This assignment will give you more with functions and introduce the use of the string data type.
Background You probably know about programs like zip. The basic idea of zip is to take a file and compress it, that is change the representation of the file such that it occupies less space without losing any information in the process. zip and its relatives are known as a kind of lossless compression. There are other kinds of compression, called lossy compression, that will sacrifice full accuracy for better compression of the file. We want to look at a simple compression algorithm called run-length encoding.
Run-length encoding Run-length encoding (see https://en.wikipedia.org/wiki/Run-length_encoding ) is a fairly simple kind of compression. In its simplest form, which we are looking at here, you take a sequence of repeated, single characters and turn those characters into a representation that takes less space. Taking less space, using fewer characters than the original, is the goal here so it is important to keep that in mind.
Here’s an example of how we would like to run-length encode a string:
aaaaaabbbbbccccdddeef :ca:bb:acdddeef
The ratio of compression is 21 to 15 or a reduction to15/21 (71.4%) of its original size.
How do we interpret the above encoding? Let’s discuss.
Our encoding
Let’s look at one piece of our encoding:
aaaaaa :ca
Every encoding uses three characters. The first is a marker character to indicate that what follows was encoded. The second is a count of how many characters there are (more on that in a moment), and the third is the character that is repeated.

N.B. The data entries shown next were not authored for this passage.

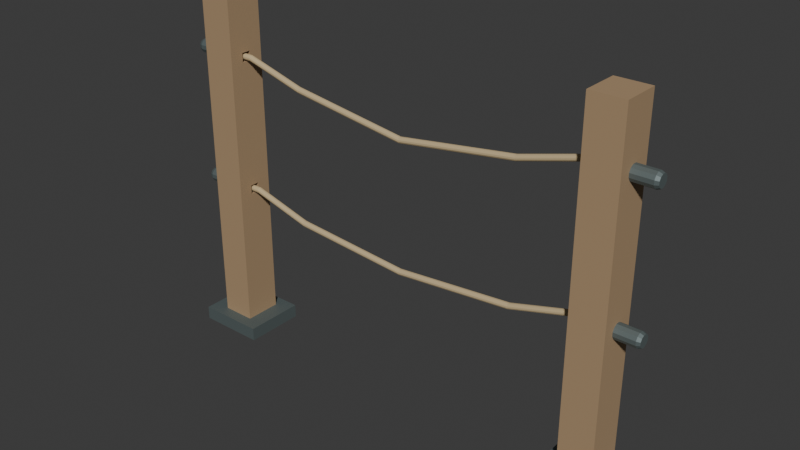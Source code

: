 # Source: source.blend  (saved by Blender 4.3.34; exported with 4.5.12 LTS)
import bpy
from mathutils import Matrix  # noqa: F401  (used for matrix-valued properties, if any)

bpy.ops.wm.read_factory_settings(use_empty=True)
scene = bpy.context.scene
scene.name = 'Scene'

# ---- collections
col_collection = bpy.data.collections.new('Collection'); scene.collection.children.link(col_collection)

# ---- materials (node trees are filled in below, after node groups)
mat_posts_weatheredtimber = bpy.data.materials.new('Posts_WeatheredTimber')
mat_posts_weatheredtimber.diffuse_color = (0.4, 0.27, 0.15, 1.0)
mat_strands_warmrope = bpy.data.materials.new('Strands_WarmRope')
mat_strands_warmrope.diffuse_color = (0.58, 0.45, 0.25, 1.0)
mat_feetandstops_darkmetal = bpy.data.materials.new('FeetAndStops_DarkMetal')
mat_feetandstops_darkmetal.diffuse_color = (0.16, 0.2, 0.2, 1.0)

# ---- material node trees
mat_posts_weatheredtimber.use_nodes = True; mat_posts_weatheredtimber.node_tree.nodes.clear()
_N = mat_posts_weatheredtimber.node_tree.nodes; _L = mat_posts_weatheredtimber.node_tree.links
n0 = _N.new('ShaderNodeBsdfPrincipled'); n0.name = 'Principled BSDF'; n0.location = (10, 300)
n0.inputs[0].default_value = (0.4, 0.27, 0.15, 1.0)
n0.inputs[2].default_value = 0.85
n1 = _N.new('ShaderNodeOutputMaterial'); n1.name = 'Material Output'; n1.location = (300, 300)
_L.new(n0.outputs[0], n1.inputs[0])
n1.is_active_output = True
mat_strands_warmrope.use_nodes = True; mat_strands_warmrope.node_tree.nodes.clear()
_N = mat_strands_warmrope.node_tree.nodes; _L = mat_strands_warmrope.node_tree.links
n0 = _N.new('ShaderNodeBsdfPrincipled'); n0.name = 'Principled BSDF'; n0.location = (10, 300)
n0.inputs[0].default_value = (0.58, 0.45, 0.25, 1.0)
n0.inputs[2].default_value = 0.94
n1 = _N.new('ShaderNodeOutputMaterial'); n1.name = 'Material Output'; n1.location = (300, 300)
_L.new(n0.outputs[0], n1.inputs[0])
n1.is_active_output = True
mat_feetandstops_darkmetal.use_nodes = True; mat_feetandstops_darkmetal.node_tree.nodes.clear()
_N = mat_feetandstops_darkmetal.node_tree.nodes; _L = mat_feetandstops_darkmetal.node_tree.links
n0 = _N.new('ShaderNodeBsdfPrincipled'); n0.name = 'Principled BSDF'; n0.location = (10, 300)
n0.inputs[0].default_value = (0.16, 0.2, 0.2, 1.0)
n0.inputs[1].default_value = 0.55
n0.inputs[2].default_value = 0.62
n1 = _N.new('ShaderNodeOutputMaterial'); n1.name = 'Material Output'; n1.location = (300, 300)
_L.new(n0.outputs[0], n1.inputs[0])
n1.is_active_output = True

# ---- world
world_world = bpy.data.worlds.new('World'); scene.world = world_world
world_world.use_nodes = True; world_world.node_tree.nodes.clear()
_N = world_world.node_tree.nodes; _L = world_world.node_tree.links
n0 = _N.new('ShaderNodeOutputWorld'); n0.name = 'World Output'; n0.location = (300, 300)
n1 = _N.new('ShaderNodeBackground'); n1.name = 'Background'; n1.location = (10, 300)
n1.inputs[0].default_value = (0.05088, 0.05088, 0.05088, 1.0)
_L.new(n1.outputs[0], n0.inputs[0])
n0.is_active_output = True
world_world.color = (0.05088, 0.05088, 0.05088)
world_world.sun_shadow_jitter_overblur = 0.0

# ---- meshes
me_wholeleftmountingplate = bpy.data.meshes.new('WholeLeftMountingPlate')
me_wholeleftmountingplate.from_pydata([(-0.7, -0.09, 0.0), (-0.5, -0.09, 0.0), (-0.5, 0.09, 0.0), (-0.7, 0.09, 0.0), (-0.7, -0.09, 0.04), (-0.5, -0.09, 0.04), (-0.5, 0.09, 0.04), (-0.7, 0.09, 0.04)], [], [(2, 1, 0), (3, 2, 0), (4, 5, 6), (4, 6, 7), (0, 1, 5), (0, 5, 4), (6, 2, 3), (7, 6, 3), (7, 3, 0), (4, 7, 0), (1, 2, 6), (1, 6, 5)])
me_wholeleftmountingplate.polygons.foreach_set('material_index', [2, 2, 2, 2, 2, 2, 2, 2, 2, 2, 2, 2])
me_wholeleftmountingplate.materials.append(mat_posts_weatheredtimber)
me_wholeleftmountingplate.materials.append(mat_strands_warmrope)
me_wholeleftmountingplate.materials.append(mat_feetandstops_darkmetal)
me_wholeleftmountingplate.update()
me_wholelefttwoaperturepost = bpy.data.meshes.new('WholeLeftTwoAperturePost')
me_wholelefttwoaperturepost.from_pydata([(-0.65, -0.055, 0.04), (-0.65, -0.014, 0.04), (-0.65, -0.014, 0.446), (-0.65, -0.055, 0.446), (-0.55, -0.055, 0.04), (-0.55, -0.014, 0.04), (-0.55, -0.014, 0.446), (-0.55, -0.055, 0.446), (-0.65, 0.014, 0.04), (-0.65, 0.014, 0.446), (-0.55, 0.014, 0.04), (-0.55, 0.014, 0.446), (-0.65, 0.055, 0.04), (-0.65, 0.055, 0.446), (-0.55, 0.055, 0.04), (-0.55, 0.055, 0.446), (-0.65, -0.014, 0.474), (-0.65, -0.055, 0.474), (-0.55, -0.014, 0.474), (-0.55, -0.055, 0.474), (-0.65, 0.055, 0.474), (-0.65, 0.014, 0.474), (-0.55, 0.055, 0.474), (-0.55, 0.014, 0.474), (-0.65, -0.014, 0.846), (-0.65, -0.055, 0.846), (-0.55, -0.014, 0.846), (-0.55, -0.055, 0.846), (-0.65, 0.014, 0.846), (-0.55, 0.014, 0.846), (-0.65, 0.055, 0.846), (-0.55, 0.055, 0.846), (-0.65, -0.014, 0.874), (-0.65, -0.055, 0.874), (-0.55, -0.014, 0.874), (-0.55, -0.055, 0.874), (-0.65, 0.055, 0.874), (-0.65, 0.014, 0.874), (-0.55, 0.055, 0.874), (-0.55, 0.014, 0.874), (-0.65, -0.014, 1.04), (-0.65, -0.055, 1.04), (-0.55, -0.014, 1.04), (-0.55, -0.055, 1.04), (-0.65, 0.014, 1.04), (-0.55, 0.014, 1.04), (-0.65, 0.055, 1.04), (-0.55, 0.055, 1.04)], [], [(2, 1, 0), (3, 2, 0), (4, 5, 6), (4, 6, 7), (9, 8, 1), (2, 9, 1), (5, 10, 11), (5, 11, 6), (13, 12, 8), (9, 13, 8), (10, 14, 15), (10, 15, 11), (16, 2, 3), (17, 16, 3), (7, 6, 18), (7, 18, 19), (20, 13, 9), (21, 20, 9), (11, 15, 22), (11, 22, 23), (24, 16, 17), (25, 24, 17), (19, 18, 26), (19, 26, 27), (28, 21, 16), (24, 28, 16), (18, 23, 29), (18, 29, 26), (30, 20, 21), (28, 30, 21), (23, 22, 31), (23, 31, 29), (32, 24, 25), (33, 32, 25), (27, 26, 34), (27, 34, 35), (36, 30, 28), (37, 36, 28), (29, 31, 38), (29, 38, 39), (40, 32, 33), (41, 40, 33), (35, 34, 42), (35, 42, 43), (44, 37, 32), (40, 44, 32), (34, 39, 45), (34, 45, 42), (46, 36, 37), (44, 46, 37), (39, 38, 47), (39, 47, 45), (0, 1, 5), (0, 5, 4), (7, 3, 0), (4, 7, 0), (1, 8, 10), (1, 10, 5), (11, 9, 2), (6, 11, 2), (8, 12, 14), (8, 14, 10), (12, 13, 15), (12, 15, 14), (2, 16, 18), (2, 18, 6), (19, 17, 3), (7, 19, 3), (13, 20, 22), (13, 22, 15), (23, 21, 9), (11, 23, 9), (27, 25, 17), (19, 27, 17), (16, 21, 23), (16, 23, 18), (29, 28, 24), (26, 29, 24), (20, 30, 31), (20, 31, 22), (24, 32, 34), (24, 34, 26), (35, 33, 25), (27, 35, 25), (30, 36, 38), (30, 38, 31), (39, 37, 28), (29, 39, 28), (42, 40, 41), (43, 42, 41), (43, 41, 33), (35, 43, 33), (32, 37, 39), (32, 39, 34), (45, 44, 40), (42, 45, 40), (36, 46, 47), (36, 47, 38), (47, 46, 44), (45, 47, 44)])
me_wholelefttwoaperturepost.materials.append(mat_posts_weatheredtimber)
me_wholelefttwoaperturepost.materials.append(mat_strands_warmrope)
me_wholelefttwoaperturepost.materials.append(mat_feetandstops_darkmetal)
me_wholelefttwoaperturepost.update()
me_wholerightmountingplate = bpy.data.meshes.new('WholeRightMountingPlate')
me_wholerightmountingplate.from_pydata([(0.5, -0.09, 0.0), (0.7, -0.09, 0.0), (0.7, 0.09, 0.0), (0.5, 0.09, 0.0), (0.5, -0.09, 0.04), (0.7, -0.09, 0.04), (0.7, 0.09, 0.04), (0.5, 0.09, 0.04)], [], [(2, 1, 0), (3, 2, 0), (4, 5, 6), (4, 6, 7), (0, 1, 5), (0, 5, 4), (6, 2, 3), (7, 6, 3), (7, 3, 0), (4, 7, 0), (1, 2, 6), (1, 6, 5)])
me_wholerightmountingplate.polygons.foreach_set('material_index', [2, 2, 2, 2, 2, 2, 2, 2, 2, 2, 2, 2])
me_wholerightmountingplate.materials.append(mat_posts_weatheredtimber)
me_wholerightmountingplate.materials.append(mat_strands_warmrope)
me_wholerightmountingplate.materials.append(mat_feetandstops_darkmetal)
me_wholerightmountingplate.update()
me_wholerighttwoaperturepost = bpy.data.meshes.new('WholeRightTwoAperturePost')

So how does the character ‘c’ represent 6 (the number of a’s being encoded). Well, we could use decimal integers (something like :6a) but as soon as there are more than 9 characters in a sequence the encoding requires an extra character (something like :22a for a sequence of 22 a’s). We are trying to be as conservative as possible to get the best compression, so we develop a scheme to represent decimal values as individual characters. Here is what we will use: character above, integer value below:
a b c d e f g h i j k l m n o p q r s t u v w x y z 4 5 6 7 8 9 10 11 12 13 14 15 16 17 18 19 20 21 22 23 24 25 26 27 28 29
A B C D E F G H I J K L M N O P Q R S T U V W X Y Z
First, why start at 4? Since an encoding uses three characters, there is no point in encoding any sequence that is 3 characters or less. Thus we pass those characters through without encoding. Since the first count we would encode is 4 characters, we use ‘a’ to represent a count of 4. Second, why stop at 55/capital Z. We could indeed go further and use all kinds of weird characters (like ~, $, *, etc.) to represent a count which would get us into the 100’s, but we thought 4-55 is a good enough range for this project.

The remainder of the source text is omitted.